Jose Perez tomaste alguna foto de la nueva tienda BOSCH?, me parece bacan la tiendita, parece una de San Isidro jejeje.


----------



## Jose Perez (Aug 10, 2005)

no,donde esta esa tienda?


----------



## J Block (Feb 16, 2004)

Chévere, una tienda BOSCH en Arequipa.  BOSCH tiene productos bastante buenos, otro nivel al de tienditas de bajo nivel como Elektra y La Curacao.


----------



## W!CKED (Apr 3, 2006)

Justo a tres o cuatro casas antes de esta tienda.


----------



## Jose Perez (Aug 10, 2005)

ni la vi.jeje esa zona tiene bastantes boutiques nuevos.Lo que me dio gusto es que Estilos le esta haciendo la competencia a Saga.Igual como se hacen Ripley y Saga en Lima.Estilos no se quiere quedar atras,abrio una tienda de electrodomesticos cerca al Saga.Estilos ahora tiene full avisos y propagandas por toda la ciudad,nuevas propagandas en los canales de television arequipeNos.Por algo fue la primera tienda por departamento de la ciudad.


----------



## J Block (Feb 16, 2004)

Jose, todavía está Antojitos frente a la Compañia?


----------



## Jose Perez (Aug 10, 2005)

Si no me equivo,si.Pero hay mas de una tienda ,estan en el aeropuerto tambien.Al igual que la Iberica que tiene 6 tiendas en Arequipa y ahora inaguro muchos locales chicos en el mismo Lima.Tienen un stand en el Jockey Plaza,tottus de San Isidro etc.


----------



## Carlos_"U" (Feb 13, 2006)

La zona de Cayma es bien bonita, cuando fui el año pasado me gustó mucho, buenas fotos!!


----------



## J Block (Feb 16, 2004)

Jose Perez said:


> Si no me equivo,si.Pero hay mas de una tienda ,estan en el aeropuerto tambien.Al igual que la Iberica que tiene 6 tiendas en Arequipa y ahora inaguro muchos locales chicos en el mismo Lima.Tienen un stand en el Jockey Plaza,tottus de San Isidro etc.

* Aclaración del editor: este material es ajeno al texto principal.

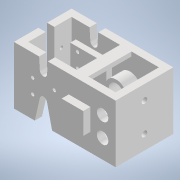
# Autodesk Inventor part: NewCasing
Saved by Autodesk Inventor 2020.1 (Build 241239000, 239)
## iProperties
Created: 2019-11-05
Part Number: NewCasing
Material: Generic
Document SubType Name: Modeling
Designer: ajtan
Density: 1 g/cm^3
Appearance: Default
Author: ajtan
Autodesk Inventor part; units mm, degrees
ref_plane "YZ Plane" through (0, 0, 0) normal (1, 0, 0) x (0, 1, 0)
ref_plane "XZ Plane" through (0, 0, 0) normal (0, 1, 0) x (-1, 0, 0)
ref_plane "XY Plane" through (0, 0, 0) normal (0, 0, 1) x (1, 0, 0)
sketch "Sketch1" plane through (0, 0, 0) normal (0, 0, 1) x (1, 0, 0)
  line L0 (-57.8485, 25.4) -> (-51.4985, 25.4)
  line L1 (-51.4985, 25.4) -> (-51.4985, -25.4)
  line L2 (-51.4985, -25.4) -> (-57.8485, -25.4)
  line L3 (-57.8485, -25.4) -> (-57.8485, 25.4)
  line L4 (25.4, 25.4) -> (31.75, 25.4)
  line L5 (31.75, 25.4) -> (31.75, -25.4)
  line L6 (31.75, -25.4) -> (25.4, -25.4)
  line L7 (25.4, -25.4) -> (25.4, 25.4)
  point P0 (0, 0)
  dimension "d0" = 6.35
  dimension "d1" = 50.8
  dimension "d2" = 25.4
  dimension "d3" = 51.4985
  dimension "d4" = 25.4
  dimension "d5" = 25.4
  constraints: 16 end point, 4 parallel, 2 equal length, 2 horizontal, 2 perpendicular
  measures "d0" distance of L1.end L2.end
  measures "d1" distance of L0.end L1.end
  measures "d2" distance from line of point (0, 0) L0
  measures "d3" distance from line of point (0, 0) L1
  measures "d4" distance from line of point (0, 0) L4
  measures "d5" distance from line of point (0, 0) L7
extrude "Extrusion1" add sketch "Sketch1" along normal mid plane 38.1
sketch "Sketch2" plane through (0, 0, 19.05) normal (0, 0, 1) x (1, 0, 0)
  line L0 (-51.4985, 25.4) -> (-57.8485, 25.4) projected
  line L1 (31.75, -25.4) -> (25.4, -25.4) projected
  line L2 (-57.8485, 25.4) -> (31.75, 25.4)
  line L3 (31.75, 25.4) -> (31.75, -25.4)
  line L4 (31.75, -25.4) -> (-57.8485, -25.4)
  line L5 (-57.8485, -25.4) -> (-57.8485, 25.4)
  circle A0 centre (0, 0) radius 6.604
  circle A1 centre (-41.3385, 6.35) radius 1.4605
  line L6 (-47.9108, 0) -> (-31.2118, 0) construction
  circle A2 centre (-41.3385, -6.35) radius 1.4605
  line L7 (-51.4985, -25.4) -> (-51.4985, 25.4) projected
  dimension "d8" = 13.208
  dimension "d40" = 2.921
  dimension "d42" = 19.05
  dimension "d43" = 16.51
  dimension "d44" = 6.35
  dimension "d92" = 6.35
  constraints: 10 end point, 3 centre point, 2 horizontal, 2 parallel, 1 coincident, 1 perpendicular, 1 symmetric about line, 1 other
  measures "d8" diameter of A0
  measures "d40" diameter of A1
  measures "d42" distance from line of L2 A1.centre
  measures "d43" distance from line of L5 A1.centre
  measures "d44" vertical distance of point (0, 0) A2.centre
  measures "d92" distance between parallel lines of L5 L7
sketch "Sketch3" plane through (0, 0, -19.05) normal (0, 0, -1) x (-1, 0, 0)
  line L0 (-31.75, 25.4) -> (-31.75, -25.4) projected
  line L1 (51.4985, -25.4) -> (57.8485, -25.4) projected
  line L2 (-31.75, 25.4) -> (57.8485, 25.4)
  line L3 (57.8485, 25.4) -> (57.8485, -25.4)
  line L4 (57.8485, -25.4) -> (-31.75, -25.4)
  line L5 (-31.75, -25.4) -> (-31.75, 25.4)
  circle A0 centre (0, 0) radius 6.604
  circle A1 centre (-11.43, 0.0226) radius 2.54
  circle A2 centre (-20.2438, 8.7122) radius 1.7907
  line L6 (-13.9699, 0) -> (6.604, 0) construction
  circle A3 centre (-20.2438, -8.7122) radius 1.7907
  circle A4 centre (41.3385, 6.35) radius 1.4605
  line L7 (51.4985, 25.4) -> (51.4985, -25.4) projected
  circle A5 centre (41.3385, -6.35) radius 1.4605
  dimension "d11" = 13.208
  dimension "d12" = 5.08
  dimension "d13" = 11.43
  dimension "d14" = 3.5814
  dimension "d15" = 20.2438
  dimension "d16" = 8.7122
  dimension "d32" = 2.921
  dimension "d33" = 10.16
  dimension "d34" = 6.35
  dimension "d35" = 6.35
  constraints: 10 end point, 4 centre point, 2 horizontal, 2 parallel, 2 symmetric about line, 1 coincident, 1 horizontal alignment, 1 perpendicular, 7 other
  measures "d13" distance of point (0, 0) point (-11.43, 0.023)
  measures "d14" diameter of A2
  measures "d15" horizontal distance of point (0, 0) A2.centre
  measures "d16" vertical distance of point (0, 0) A2.centre
  measures "d32" diameter of A4
  measures "d33" distance from line of A4.centre L7
  measures "d34" vertical distance of point (0, 0) A4.centre
  measures "d35" vertical distance of point (0, 0) A5.centre
extrude "Extrusion7" add sketch "Sketch2" along normal blind 6.35
extrude "Extrusion6" add sketch "Sketch3" along normal blind 6.35
sketch "Sketch6" plane through (-57.8485, -25.4, 25.4) normal (-1, 0, 0) x (0, 0, 1)
  circle A0 centre (-23.114, 38.1) radius 1.4605
  line L0 (-35.0625, 25.4) -> (-10.5897, 25.4) construction
  line L1 (0, 0) -> (-50.8, 0) construction
  line L2 (0, 50.8) -> (0, 0) construction
  circle A1 centre (-23.114, 12.7) radius 1.4605
  point P0 (-25.4, 25.4)
  dimension "d47" = 2.921
  dimension "d48" = 25.4
  dimension "d49" = 12.7
  dimension "d50" = 23.114
  constraints: 2 centre point, 2 end point, 1 horizontal, 1 symmetric about line, 1 other
  measures "d47" diameter of A0
  measures "d48" distance between parallel lines of L1 L0
  measures "d49" distance from line of L0 A0.centre
  measures "d50" distance from line of L2 A0.centre
extrude "Extrusion8" cut sketch "Sketch6" against normal up to next
sketch "Sketch8" plane through (-57.8485, 25.4, 25.4) normal (0, 1, 0) x (1, 0, 0)
  line L0 (0, 50.8) -> (0, 0) projected
  line L1 (0, 21.59) -> (6.35, 21.59)
  line L2 (6.35, 21.59) -> (6.35, 29.21)
  line L3 (6.35, 29.21) -> (0, 29.21)
  line L4 (0, 29.21) -> (0, 21.59)
  line L5 (0, 25.4) -> (6.35, 25.4) construction
  line L6 (89.5985, 0) -> (0, 0) projected
  line L7 (0, 50.8) -> (89.5985, 50.8) projected
  line L8 (6.35, 6.35) -> (6.35, 44.45) projected
  point P0 (57.8485, 25.4)
  point P1 (0, 29.21)
  dimension "d56" = 25.4
  dimension "d57" = 50.8
  dimension "d58" = 7.62
  constraints: 10 end point, 2 midpoint, 2 parallel, 1 collinear, 1 horizontal, 1 perpendicular, 1 point on line
  measures "d56" distance between parallel lines of L6 L5
  measures "d57" distance between parallel lines of L7 L6
  measures "d58" distance of L1.end L2.end
extrude "Extrusion10" cut sketch "Sketch8" against normal through all
sketch "Sketch10" plane through (0, 0, 25.4) normal (0, 0, 1) x (1, 0, 0)
  circle A0 centre (20.2438, -8.7122) radius 1.7907 construction
  circle A1 centre (20.2438, -8.7122) radius 1.7907 projected
  circle A2 centre (20.2438, 8.7122) radius 1.7907 construction
  circle A3 centre (20.2438, 8.7122) radius 1.7907 projected
  circle A4 centre (20.2438, 8.7122) radius 5.08
  circle A5 centre (20.2438, -8.7122) radius 5.08
  point P0 (0, 0)
  dimension "d64" = 10.16
  constraints: 2 centre point, 2 coincident, 1 equal radius
  measures "d64" diameter of A4
extrude "Extrusion12" cut sketch "Sketch10" against normal blind 25.4 contours A1 | A3 | A4 | A5
sketch "Sketch11" plane through (0, 0, 25.4) normal (0, 0, 1) x (1, 0, 0)
  line L0 (9.525, -9.525) -> (-9.525, -9.525)
  line L1 (-9.525, -9.525) -> (-9.525, 9.525)
  line L2 (-9.525, 9.525) -> (9.525, 9.525)
  line L3 (9.525, 9.525) -> (9.525, -9.525)
  line L4 (9.525, -9.525) -> (-9.525, 9.525) construction
  line L5 (-9.525, -9.525) -> (9.525, 9.525) construction
  point P0 (0, 0)
  dimension "d67" = 19.05
  dimension "d68" = 19.05
  constraints: 12 end point, 2 midpoint, 2 parallel, 1 horizontal, 1 perpendicular
  measures "d67" distance of L1.end L2.end
  measures "d68" distance of L2.end L0.start
extrude "Extrusion13" add sketch "Sketch11" along normal blind 6.35
sketch "Sketch12" plane through (0, 0, -25.4) normal (0, 0, -1) x (-1, 0, 0)
  circle A0 centre (31.8389, -6.35) radius 3.175
  line L0 (57.8485, -25.4) -> (57.8485, 25.4) projected
  line L1 (34.9338, -5.6412) -> (39.4589, -25.4)
  line L2 (28.744, -5.6412) -> (24.2189, -25.4)
  line L3 (24.2189, -25.4) -> (39.4589, -25.4)
  line L4 (-25.4, -25.4) -> (51.4985, -25.4) projected
  circle A1 centre (31.8389, 15.24) radius 3.175
  line L5 (57.8485, 25.4) -> (-31.75, 25.4) projected
  line L6 (28.67, 15.0438) -> (28.0289, 25.4)
  line L7 (51.4985, 25.4) -> (-25.4, 25.4) projected
  line L8 (35.0078, 15.0438) -> (35.6489, 25.4)
  point P0 (0, 0)
  dimension "d71" = 6.35
  dimension "d72" = 26.0096
  dimension "d73" = 6.35
  dimension "d74" = 15.24
  dimension "d75" = 7.62
  dimension "d78" = 10.16
  dimension "d79" = 7.62
  dimension "d80" = 3.81
  constraints: 10 end point, 4 point on circle, 4 tangent, 2 centre point, 2 collinear, 2 point on line, 1 equal radius, 1 vertical alignment
  measures "d71" vertical distance of point (0, 0) A0.centre
  measures "d72" distance from line of L0 A0.centre
  measures "d73" diameter of A0
  measures "d74" distance of L2.end L1.end
  measures "d75" horizontal distance of L2.end A0.centre
  measures "d78" distance from line of L5 A1.centre
  measures "d79" distance of L8.end L6.end
  measures "d80" horizontal distance of A1.centre L6.end
extrude "Extrusion14" cut sketch "Sketch12" against normal through all
sketch "Sketch13" plane through (0, 0, -19.05) normal (0, 0, 1) x (1, 0, 0)
  circle A0 centre (0, 0) radius 6.604 projected
  circle A1 centre (0, 0) radius 6.604 projected
  circle A2 centre (0, 0) radius 9.525
  dimension "d81" = 19.05
  constraints: 1 centre point, 1 coincident
  measures "d81" diameter of A2
extrude "Extrusion15" add sketch "Sketch13" along normal blind 12.192
sketch "Sketch14" plane through (31.75, 25.4, 25.4) normal (0, 1, 0) x (1, 0, 0)
  line L0 (-59.7789, 50.8) -> (0, 50.8) projected
  line L1 (-22.225, 0) -> (-41.275, 0) projected
  line L2 (-40.64, 50.8) -> (-30.48, 50.8)
  line L3 (-30.48, 50.8) -> (-30.48, 0)
  line L4 (-30.48, 0) -> (-40.64, 0)
  line L5 (-40.64, 0) -> (-40.64, 50.8)
  line L6 (0, 0) -> (0, 50.8) projected
  point P0 (-31.75, 25.4)
  dimension "d84" = 10.16
  dimension "d85" = 40.64
  constraints: 8 end point, 2 parallel, 2 point on line, 1 horizontal, 1 perpendicular
  measures "d84" distance between parallel lines of L5 L3
  measures "d85" distance between parallel lines of L6 L5
extrude "Extrusion16" add sketch "Sketch14" against normal blind 3.81
sketch "Sketch15" plane through (0, 0, 19.05) normal (0, 0, -1) x (-1, 0, 0)
  circle A0 centre (0, 0) radius 9.525 projected
  circle A1 centre (0, 0) radius 6.604 projected
extrude "Extrusion17" add sketch "Sketch15" along normal blind 5.08
sketch "Sketch16" plane through (31.75, -25.4, -25.4) normal (0, -1, 0) x (1, 0, 0)
  line L0 (-40.64, 44.45) -> (-30.48, 44.45) projected
  line L1 (-40.64, 44.45) -> (-40.64, 6.35) projected
  line L2 (-30.48, 6.35) -> (-40.64, 6.35) projected
  line L3 (-30.48, 6.35) -> (-30.48, 44.45) projected
  point P0 (-31.75, 25.4)
extrude "Extrusion18" add sketch "Sketch16" against normal blind 3.81
sketch "Sketch17" plane through (0, 0, 25.4) normal (0, 0, 1) x (1, 0, 0)
  arc A0 (-35.0078, 15.0438) -> (-28.67, 15.0438) centre (-31.8389, 15.24) ccw construction
  line L0 (-31.8389, 12.065) -> (-31.8389, -3.175) construction
  arc A1 (-28.744, -5.6412) -> (-34.9338, -5.6412) centre (-31.8389, -6.35) ccw construction
  circle A2 centre (-41.3385, 6.35) radius 1.4605 projected
  circle A3 centre (-41.3385, 6.35) radius 1.4605 projected
  circle A4 centre (-22.3393, 6.35) radius 1.4605
  point P0 (0, 0)
  constraints: 2 end point, 2 point on circle, 1 centre point, 1 symmetric about line, 1 vertical, 1 other
extrude "Extrusion19" cut sketch "Sketch17" against normal through all contours A4
sketch "Sketch19" plane through (-57.8485, -25.4, -25.4) normal (-1, 0, 0) x (0, 0, 1)
  circle A0 centre (15.24, 31.75) radius 1.4605
  circle A1 centre (15.24, 19.05) radius 1.4605
  line L0 (21.59, 0) -> (21.59, 50.8) construction
  line L1 (0, 50.8) -> (21.59, 50.8) construction
  line L2 (25.4, 25.4) -> (25.4, 50.8) construction
  line L3 (6.35, 50.8) -> (44.45, 50.8) construction
  circle A2 centre (35.56, 31.75) radius 1.4605
  circle A3 centre (35.56, 19.05) radius 1.4605
  dimension "d95" = 6.35
  dimension "d96" = 2.921
  dimension "d97" = 2.921
  dimension "d98" = 12.7
  dimension "d99" = 19.05
  constraints: 4 centre point, 2 end point, 2 symmetric about line, 1 midpoint, 1 vertical alignment, 2 other
  measures "d95" distance from line of L0 A0.centre
  measures "d96" diameter of A0
  measures "d97" diameter of A1
  measures "d98" distance of A1.centre A0.centre
  measures "d99" distance from line of L1 A0.centre
extrude "Extrusion20" cut sketch "Sketch19" against normal blind 12.7
sketch "Sketch20" plane through (31.75, -25.4, 25.4) normal (1, 0, 0) x (0, 0, -1)
  circle A0 centre (25.4, 38.1) radius 2.4384
  circle A1 centre (25.4, 12.7) radius 2.4384
  line L0 (50.8, 50.8) -> (50.8, 0) projected
  line L1 (0, 0) -> (0, 50.8) projected
  line L2 (0, 50.8) -> (50.8, 50.8) projected
  point P0 (25.4, 25.4)
  dimension "d102" = 25.4
  dimension "d103" = 50.8
  dimension "d104" = 25.4
  dimension "d105" = 12.7
  dimension "d106" = 4.8768
  constraints: 2 centre point, 1 equal radius, 1 vertical alignment
  measures "d102" distance from line of L0 A0.centre
  measures "d103" distance between parallel lines of L0 L1
  measures "d104" distance of A1.centre A0.centre
  measures "d105" distance from line of L2 A0.centre
  measures "d106" diameter of A0
extrude "Extrusion21" cut sketch "Sketch20" against normal blind 25.4
sketch "Sketch21" plane through (0, 0, -19.05) normal (0, 0, 1) x (1, 0, 0)
  circle A0 centre (-22.3393, 6.35) radius 1.4605 projected
  line L0 (1.27, -21.59) -> (1.27, -25.4) projected
  line L1 (25.4, -25.4) -> (1.27, -25.4) projected
  line L2 (25.4, -25.4) -> (25.4, 25.4) projected
  line L3 (1.27, 25.4) -> (25.4, 25.4) projected
  line L4 (1.27, 25.4) -> (1.27, 21.59) projected
  line L5 (1.27, 21.59) -> (-8.89, 21.59) projected
  line L6 (-8.89, 21.59) -> (-8.89, 25.4) projected
  line L7 (-28.0289, 25.4) -> (-8.89, 25.4) projected
  line L8 (-28.0289, 25.4) -> (-28.67, 15.0438) projected
  arc A1 (-35.0078, 15.0438) -> (-28.67, 15.0438) centre (-31.8389, 15.24) ccw projected
  line L9 (-35.0078, 15.0438) -> (-35.6489, 25.4) projected
  line L10 (-51.4985, 25.4) -> (-35.6489, 25.4) projected
  line L11 (-51.4985, 25.4) -> (-51.4985, -25.4) projected
  line L12 (-39.4589, -25.4) -> (-51.4985, -25.4) projected
  line L13 (-39.4589, -25.4) -> (-34.9338, -5.6412) projected
  arc A2 (-28.744, -5.6412) -> (-34.9338, -5.6412) centre (-31.8389, -6.35) ccw projected
  line L14 (-28.744, -5.6412) -> (-24.2189, -25.4) projected
  line L15 (-8.89, -25.4) -> (-24.2189, -25.4) projected
  line L16 (-8.89, -25.4) -> (-8.89, -21.59) projected
  line L17 (-8.89, -21.59) -> (1.27, -21.59) projected
  circle A3 centre (20.2438, -8.7122) radius 1.7907 projected
  circle A4 centre (20.2438, 8.7122) radius 1.7907 projected
  circle A5 centre (-41.3385, -6.35) radius 1.4605 projected
  circle A6 centre (-41.3385, 6.35) radius 1.4605 projected
  arc A7 (9.3985, 1.5472) -> (9.4045, -1.5101) centre (0, 0) ccw projected
  arc A8 (9.4045, -1.5101) -> (9.3985, 1.5472) centre (11.43, 0.0226) ccw projected
  line L18 (-47.7139, 10.16) -> (-15.9639, 10.16)
  line L19 (-15.9639, 10.16) -> (-15.9639, -10.16)
  line L20 (-15.9639, -10.16) -> (-47.7139, -10.16)
  line L21 (-47.7139, -10.16) -> (-47.7139, 10.16)
  point P0 (-27.7091, -10.16)
  point P1 (-35.9687, -10.16)
  dimension "d109" = 6.3754
  dimension "d110" = 31.75
  dimension "d111" = 20.32
  dimension "d112" = 10.16
  constraints: 8 end point, 2 parallel, 1 horizontal, 1 perpendicular
  measures "d109" distance from line of A6.centre L21
  measures "d110" distance of L18.start L18.end
  measures "d111" distance of L18.end L19.end
  measures "d112" distance from line of point (0, 0) L18
extrude "Extrusion22" add sketch "Sketch21" along normal blind 4.953 contours L14 A2 L13 L20 L21 L18 L19
sketch "Sketch22" plane through (31.75, -25.4, -25.4) normal (0, -1, 0) x (1, 0, 0)
  line L0 (-40.64, 6.35) -> (-40.64, 44.45) projected
  line L1 (-40.64, 18.3213) -> (-30.446, 18.3213)
  line L2 (-30.446, 18.3213) -> (-30.446, 37.9181)
  line L3 (-30.446, 37.9181) -> (-40.64, 37.9181)
  line L4 (-40.64, 37.9181) -> (-40.64, 18.3213)
  point P0 (-31.75, 25.4)
  point P1 (-40.64, 37.9181)
  constraints: 8 end point, 2 parallel, 1 horizontal, 1 perpendicular, 1 point on line
extrude "Extrusion23" cut sketch "Sketch22" against normal blind 6.35
equation "\"d56\" = 0.5 * d57"
equation "\"d75\" = 0.5 * d74"
equation "\"d80\" = 0.5 * d79"
equation "\"d102\" = 0.5 * d103"
equation "\"d107\" = d104"
equation "\"d112\" = 0.5 * d111"
body "Solid1"

Sip, si sabía sobre la expansión de La Ibérica. Pero como Antojitos no hay otro...sus yogurts son deliciosos al igual que, obviamente, sus antojitos...jeje.


----------



## Lucho01 (Oct 26, 2005)

Jose Perez said:


> ni la vi.jeje esa zona tiene bastantes boutiques nuevos.Lo que me dio gusto es que Estilos le esta haciendo la competencia a Saga.Igual como se hacen Ripley y Saga en Lima.Estilos no se quiere quedar atras,abrio una tienda de electrodomesticos cerca al Saga.Estilos ahora tiene full avisos y propagandas por toda la ciudad,nuevas propagandas en los canales de television arequipeNos.Por algo fue la primera tienda por departamento de la ciudad.


Así es, algo tambien que noté es que en la tienda de Estilos de artefactos hay más gente comprando, veo más gente salir con sus artefactos que en Sagafalabella


----------



## skyperu34 (May 25, 2003)

Carlos_"U" said:


> La zona de Cayma es bien bonita, cuando fui el año pasado me gustó mucho, buenas fotos!!


... y no has tomado fotos ???????????

btw. este es el mejor thread de arequipa que he visto, buen trabajo !


----------



## CessTenn (Jul 10, 2006)

No le tomaste un par de fotos al aeropuerto Jose Perez?


----------



## Carlos_"U" (Feb 13, 2006)

skyperu34 said:


> ... y no has tomado fotos ???????????
> 
> btw. este es el mejor thread de arequipa que he visto, buen trabajo !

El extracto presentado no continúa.